Further Quantum Invariants

T(21,2) Quantum Invariants.

Computer Talk

The above data is available with the Mathematica package KnotTheory`, as shown in the (simulated) Mathematica session below. Your input (in red) is realistic; all else should have the same content as in a real mathematica session, but with different formatting. This Mathematica session is also available (albeit only for the knot 5_2) as the notebook PolynomialInvariantsSession.nb.

(The path below may be different on your system, and possibly also the KnotTheory` date)

In[1]:= AppendTo[$Path, "C:/drorbn/projects/KAtlas/"]; << KnotTheory`

Loading KnotTheory` version of August 31, 2006, 11:25:27.5625.

In[3]:= K = Knot["T(21,2)"];

In[4]:= Alexander[K][t]

KnotTheory::loading: Loading precomputed data in PD4Knots`.

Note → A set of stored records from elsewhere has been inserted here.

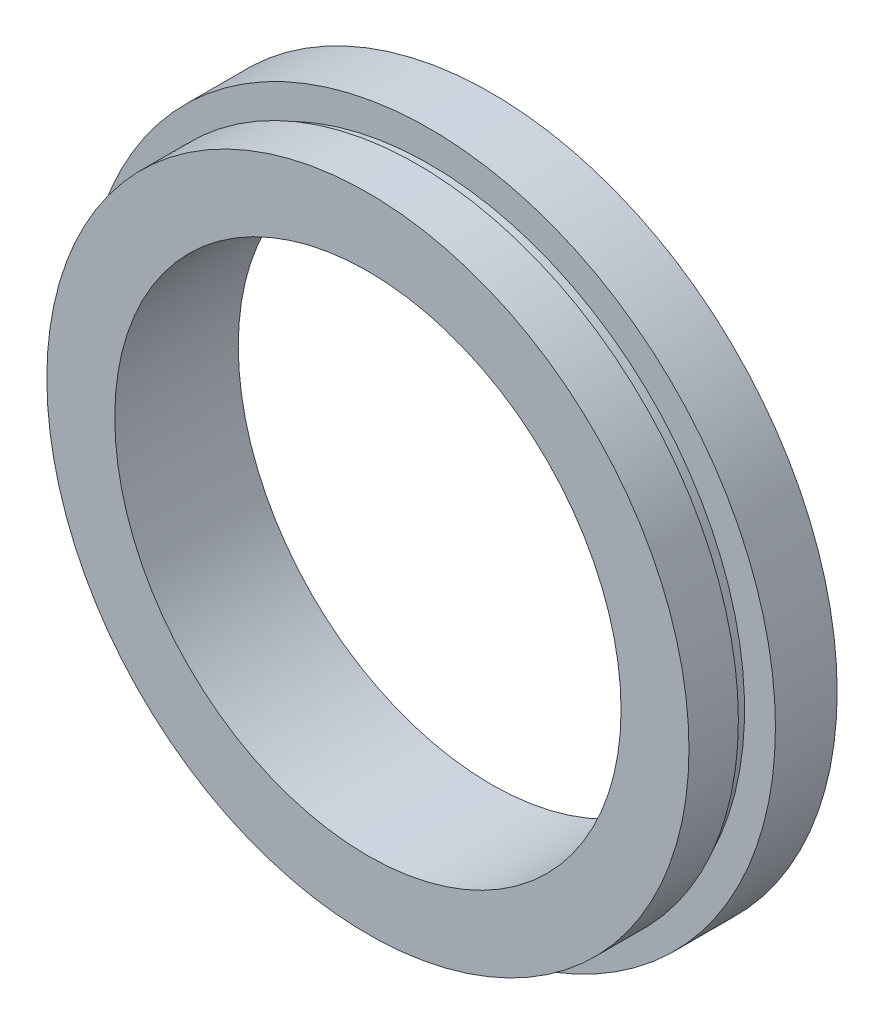
from build123d import *


with BuildPart() as part:
    # 草图1 → 旋转1 (revolve)
    with BuildSketch(Plane(origin=(0, 0, 0), x_dir=(1, 0, 0), z_dir=(0, 1, 0)), mode=Mode.PRIVATE) as revolve_1_sk:
        Polygon((20.5, 0), (20.5, 10), (28, 10), (28, 5), (25.5, 5), (25.5, 4), (26, 4), (26, 0), align=None)
    revolve(revolve_1_sk.sketch.rotate(Axis((0, 0, -19.14057971), (0, 0, 1)), 180), axis=Axis((0, 0, -19.14057971), (0, 0, 1)))  # turned: the seam where the file's is


solid = part.part

Out[4]= $t^{10}-t^{9}+t^{8}-t^{7}+t^{6}-t^{5}+t^{4}-t^{3}+t^{2}-t+1-t^{-1}+t^{-2}-t^{-3}+t^{-4}-t^{-5}+t^{-6}-t^{-7}+t^{-8}-t^{-9}+t^{-10}$

In[5]:= Conway[K][z]

Out[5]= $z^{20}+19z^{18}+153z^{16}+680z^{14}+1820z^{12}+3003z^{10}+3003z^{8}+1716z^{6}+495z^{4}+55z^{2}+1$

In[6]:= Alexander[K, 2][t]

KnotTheory::credits: The program Alexander[K, r] to compute Alexander ideals was written by Jana Archibald at the University of Toronto in the summer of 2005.

Out[6]= $\{1\}$

In[7]:= {KnotDet[K], KnotSignature[K]}

Out[7]= { 21, 20 }

In[8]:= Jones[K][q]

KnotTheory::loading: Loading precomputed data in Jones4Knots`.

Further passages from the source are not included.